▸ **About this task**
From the data below, set down exactly the lines between the one holding "line L5 (-30, 0) -> (-30, -13)" and the one holding "line L15 (-25, -15) -> (-55, -15)", inclusive, and no others.

▸ **Entries provided**
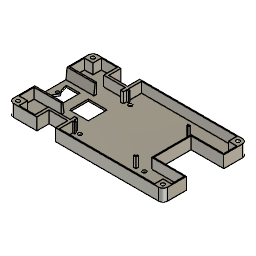
CAR (Autodesk Fusion 360 archive; units mm, degrees)
design "MID"
Autodesk Fusion 360 part; units mm, degrees
(part 1 of 2)
sketch "Sketch1" plane through (0, 0, 0) normal (0, 0, 1) x (1, 0, 0)
  line L0 (0, 0) -> (165, 0)
  line L1 (165, 0) -> (165, 90)
  line L2 (165, 90) -> (0, 90)
  line L3 (0, 90) -> (0, 0)
  dimension "d1" = 165
  dimension "d2" = 90
  constraint horizontal L0
  constraint vertical L1
  constraint horizontal L2
  constraint vertical L3
  constraint coincident L0.start L3.end
  measures "d1" distance of L0.start L0.end
  measures "d2" distance of L0.start L2.end
extrude "Extrude1" add sketch "Sketch1" along normal blind 3
sketch "Sketch4" plane through (0, 0, 3) normal (0, 0, 1) x (-1, 0, 0)
  line L0 (-165, 0) -> (-165, -90)
  line L1 (-165, -90) -> (0, -90)
  line L2 (0, -90) -> (0, 0)
  line L3 (0, 0) -> (-165, 0)
  line L4 (-30, -90) -> (-50, -90)
  line L5 (-50, -90) -> (-50, -77)
  line L6 (-50, -77) -> (-30, -77)
  line L7 (-30, -77) -> (-30, -90)
  line L8 (-30, 0) -> (-50, 0)
  line L9 (-50, 0) -> (-50, -13)
  line L10 (-50, -13) -> (-30, -13)
  line L11 (-30, -13) -> (-30, 0)
  dimension "d9" = 20
  dimension "d10" = 13
  dimension "d11" = 20
  dimension "d12" = 13
  constraint horizontal L4
  constraint vertical L5
  constraint horizontal L6
  constraint vertical L7
  constraint coincident L1 L4.start
  constraint horizontal L8
  constraint vertical L9
  constraint horizontal L10
  constraint vertical L11
  constraint coincident L3 L8.start
  measures "d9" distance of L4.start L4.end
  measures "d10" distance of L4.start L6.end
  measures "d11" distance of L8.start L8.end
  measures "d12" distance of L8.start L10.end
extrude "Extrude2" cut sketch "Sketch4" against normal blind 3 contours L3 L8 L9 L10 L11 | L1 L4 L5 L6 L7
sketch "Sketch6" plane through (0, 0, 3) normal (0, 0, 1) x (-1, 0, 0)
  line L0 (-30, -77) -> (-30, -90)
  line L1 (-30, -90) -> (0, -90)
  line L2 (0, -90) -> (0, 0)
  line L3 (0, 0) -> (-30, 0)
  line L4 (-30, 0) -> (-30, -13)
  line L5 (-30, -13) -> (-50, -13)
  line L6 (-50, -13) -> (-50, 0)
  line L7 (-50, 0) -> (-165, 0)
  line L8 (-165, 0) -> (-165, -90)
  line L9 (-50, -90) -> (-50, -77)
  line L10 (-50, -77) -> (-30, -77)
  line L11 (-5, -45) -> (-5, -60)
  line L12 (-5, -60) -> (-20, -60)
  line L13 (-20, -60) -> (-20, -30)
  line L14 (-20, -30) -> (-5, -30)
  line L15 (-5, -30) -> (-5, -45)
  line L16 (0, -65) -> (-25, -65)
  line L17 (-25, -65) -> (-25, -25)
  line L18 (-25, -25) -> (0, -25)
  line L19 (0, -25) -> (0, -65)
  line L20 (-165, -90) -> (-50, -90)
  dimension "d20" = 15
  dimension "d21" = 15
  constraint parallel L2 L11
  constraint perpendicular L2 L12
  constraint perpendicular L12 L13
  constraint perpendicular L2 L14
  constraint perpendicular L14 L15
  constraint horizontal L16
  constraint vertical L17
  constraint horizontal L18
  constraint vertical L19
  constraint coincident L2 L16.start
  measures "d20" distance of L11.start L11.end
  measures "d21" distance of L11.end L12.end
extrude "Extrude4" add sketch "Sketch6" along normal blind 10 contours L2 L16 L17 L18 L19
sketch "Sketch7" plane through (0, 0, 3) normal (0, 0, 1) x (-1, 0, 0)
  line L0 (0, -65) -> (-25, -65)
  line L1 (-25, -65) -> (-25, -25)
  line L2 (-25, -25) -> (0, -25)
  line L3 (0, -25) -> (0, 0)
  line L4 (0, 0) -> (-30, 0)
  line L5 (-30, 0) -> (-30, -13)
  line L6 (-30, -13) -> (-50, -13)
  line L7 (-50, -13) -> (-50, 0)
  line L8 (-50, 0) -> (-165, 0)
  line L9 (-165, 0) -> (-165, -90)
  line L10 (-165, -90) -> (-50, -90)
  line L11 (-50, -90) -> (-50, -77)
  line L12 (-50, -77) -> (-30, -77)
  line L13 (-30, -77) -> (-30, -90)
  line L14 (-30, -90) -> (0, -90)
  line L15 (-25, 0) -> (-55, 0)
  line L16 (-55, 0) -> (-55, -15)
  line L17 (-55, -15) -> (-25, -15)
  line L18 (-25, -15) -> (-25, 0)
  line L19 (-25, -90) -> (-55, -90)
  line L20 (-55, -90) -> (-55, -75)
  line L21 (-55, -75) -> (-25, -75)
  line L22 (-25, -75) -> (-25, -90)
  line L23 (0, -90) -> (0, -65)
  constraint horizontal L15
  constraint vertical L16
  constraint horizontal L17
  constraint vertical L18
  constraint coincident L4 L15.start
  constraint horizontal L19
  constraint vertical L20
  constraint horizontal L21
  constraint vertical L22
  constraint coincident L14 L19.start
extrude "Extrude5" add sketch "Sketch7" along normal blind 10 contours L10 L11 L12 L13 L14 L19 L20 L21 L22 | L4 L5 L6 L7 L8 L15 L16 L17 L18
sketch "Sketch12" plane through (0, 0, 3) normal (0, 0, 1) x (-1, 0, 0)
  line L0 (-55, -15) -> (-55, 0)
  line L1 (-55, 0) -> (-165, 0)
  line L2 (-165, 0) -> (-165, -90)
  line L3 (-165, -90) -> (-55, -90)
  line L4 (-55, -90) -> (-55, -75)
  line L5 (-55, -75) -> (-25, -75)
  line L6 (-25, -75) -> (-25, -90)
  line L7 (-25, -90) -> (0, -90)
  line L8 (0, -90) -> (0, -65)
  line L9 (0, -65) -> (-25, -65)
  line L10 (-25, -65) -> (-25, -25)
  line L11 (-25, -25) -> (0, -25)
  line L12 (0, -25) -> (0, 0)
  line L13 (0, 0) -> (-25, 0)
  line L14 (-25, 0) -> (-25, -15)
  line L15 (-25, -15) -> (-55, -15)
  line L16 (-25, -90) -> (0, -90)
  line L17 (0, -90) -> (0, -65)
  line L18 (0, -65) -> (-5, -65)
  line L19 (-5, -65) -> (-5, -85)
  line L20 (-5, -85) -> (-25, -85)
  line L21 (-25, -85) -> (-25, -90)
  line L22 (0, -25) -> (0, 0)
  line L23 (0, 0) -> (-25, 0)
  line L24 (-25, 0) -> (-25, -5)
  line L25 (-25, -5) -> (-5, -5)
  line L26 (-5, -5) -> (-5, -25)
  line L27 (-5, -25) -> (0, -25)
  line L28 (-55, -90) -> (-165, -90)
  line L29 (-165, -90) -> (-165, 0)
  line L30 (-165, 0) -> (-55, 0)
  line L31 (-55, 0) -> (-55, -5)
  line L32 (-55, -5) -> (-160, -5)
  line L33 (-160, -5) -> (-160, -85)
  line L34 (-160, -85) -> (-55, -85)
  line L35 (-55, -90) -> (-55, -85)
  constraint coincident L6.end L7.start
  constraint coincident L7.end L8.start
  constraint coincident L8.end L9.start
  constraint coincident L9 L18.end
  constraint perpendicular L18 L19
  constraint coincident L6 L20.end
  constraint perpendicular L6 L20
  constraint coincident L11.end L12.start
  constraint coincident L12.end L13.start
  constraint coincident L13.end L14.start
  constraint coincident L14 L24.end
  constraint perpendicular L24 L25
  constraint coincident L11 L26.end
  constraint perpendicular L11 L26
  constraint coincident L3.end L4.start
  constraint coincident L2.end L3.start
  constraint coincident L1.end L2.start
  constraint coincident L0.end L1.start
  constraint coincident L0 L31.end
  constraint perpendicular L31 L32
  constraint perpendicular L32 L33
  constraint coincident L4 L34.end
  constraint perpendicular L4 L34
extrude "Extrude9" add sketch "Sketch12" along normal blind 10 contours L0 L1 L2 L3 L4 L28 L29 L30 L31 L32 L33 L34 L35 | L11 L12 L13 L14 L22 L23 L24 L25 L26 L27 | L6 L7 L8 L9 L16 L17 L18 L19 L20 L21
fillet "Fillet6" radius 5 4 edges at (0, 0, 6.5) (165, 0, 6.5) (165, 90, 6.5) (0, 90, 6.5)
extrude "Extrude10" add 1 faces at (45, 75, 6.3333) along direction (0, -1, 0) blind 2.5
extrude "Extrude11" add 1 faces at (45, 15, 6.3333) along direction (0, 1, 0) blind 2.5
extrude "Extrude12" cut 1 faces at (10, 40, 3) along direction (0, 0, -1) blind 3
sketch "Sketch13" plane through (0, 0, 3) normal (0, 0, 1) x (-1, 0, 0)
  line L0 (-55, -17.5) -> (-55, -5)
  line L1 (-55, -5) -> (-160, -5)
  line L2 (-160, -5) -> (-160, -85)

▸ **Problem solution**
  line L5 (-30, 0) -> (-30, -13)
  line L6 (-30, -13) -> (-50, -13)
  line L7 (-50, -13) -> (-50, 0)
  line L8 (-50, 0) -> (-165, 0)
  line L9 (-165, 0) -> (-165, -90)
  line L10 (-165, -90) -> (-50, -90)
  line L11 (-50, -90) -> (-50, -77)
  line L12 (-50, -77) -> (-30, -77)
  line L13 (-30, -77) -> (-30, -90)
  line L14 (-30, -90) -> (0, -90)
  line L15 (-25, 0) -> (-55, 0)
  line L16 (-55, 0) -> (-55, -15)
  line L17 (-55, -15) -> (-25, -15)
  line L18 (-25, -15) -> (-25, 0)
  line L19 (-25, -90) -> (-55, -90)
  line L20 (-55, -90) -> (-55, -75)
  line L21 (-55, -75) -> (-25, -75)
  line L22 (-25, -75) -> (-25, -90)
  line L23 (0, -90) -> (0, -65)
  constraint horizontal L15
  constraint vertical L16
  constraint horizontal L17
  constraint vertical L18
  constraint coincident L4 L15.start
  constraint horizontal L19
  constraint vertical L20
  constraint horizontal L21
  constraint vertical L22
  constraint coincident L14 L19.start
extrude "Extrude5" add sketch "Sketch7" along normal blind 10 contours L10 L11 L12 L13 L14 L19 L20 L21 L22 | L4 L5 L6 L7 L8 L15 L16 L17 L18
sketch "Sketch12" plane through (0, 0, 3) normal (0, 0, 1) x (-1, 0, 0)
  line L0 (-55, -15) -> (-55, 0)
  line L1 (-55, 0) -> (-165, 0)
  line L2 (-165, 0) -> (-165, -90)
  line L3 (-165, -90) -> (-55, -90)
  line L4 (-55, -90) -> (-55, -75)
  line L5 (-55, -75) -> (-25, -75)
  line L6 (-25, -75) -> (-25, -90)
  line L7 (-25, -90) -> (0, -90)
  line L8 (0, -90) -> (0, -65)
  line L9 (0, -65) -> (-25, -65)
  line L10 (-25, -65) -> (-25, -25)
  line L11 (-25, -25) -> (0, -25)
  line L12 (0, -25) -> (0, 0)
  line L13 (0, 0) -> (-25, 0)
  line L14 (-25, 0) -> (-25, -15)
  line L15 (-25, -15) -> (-55, -15)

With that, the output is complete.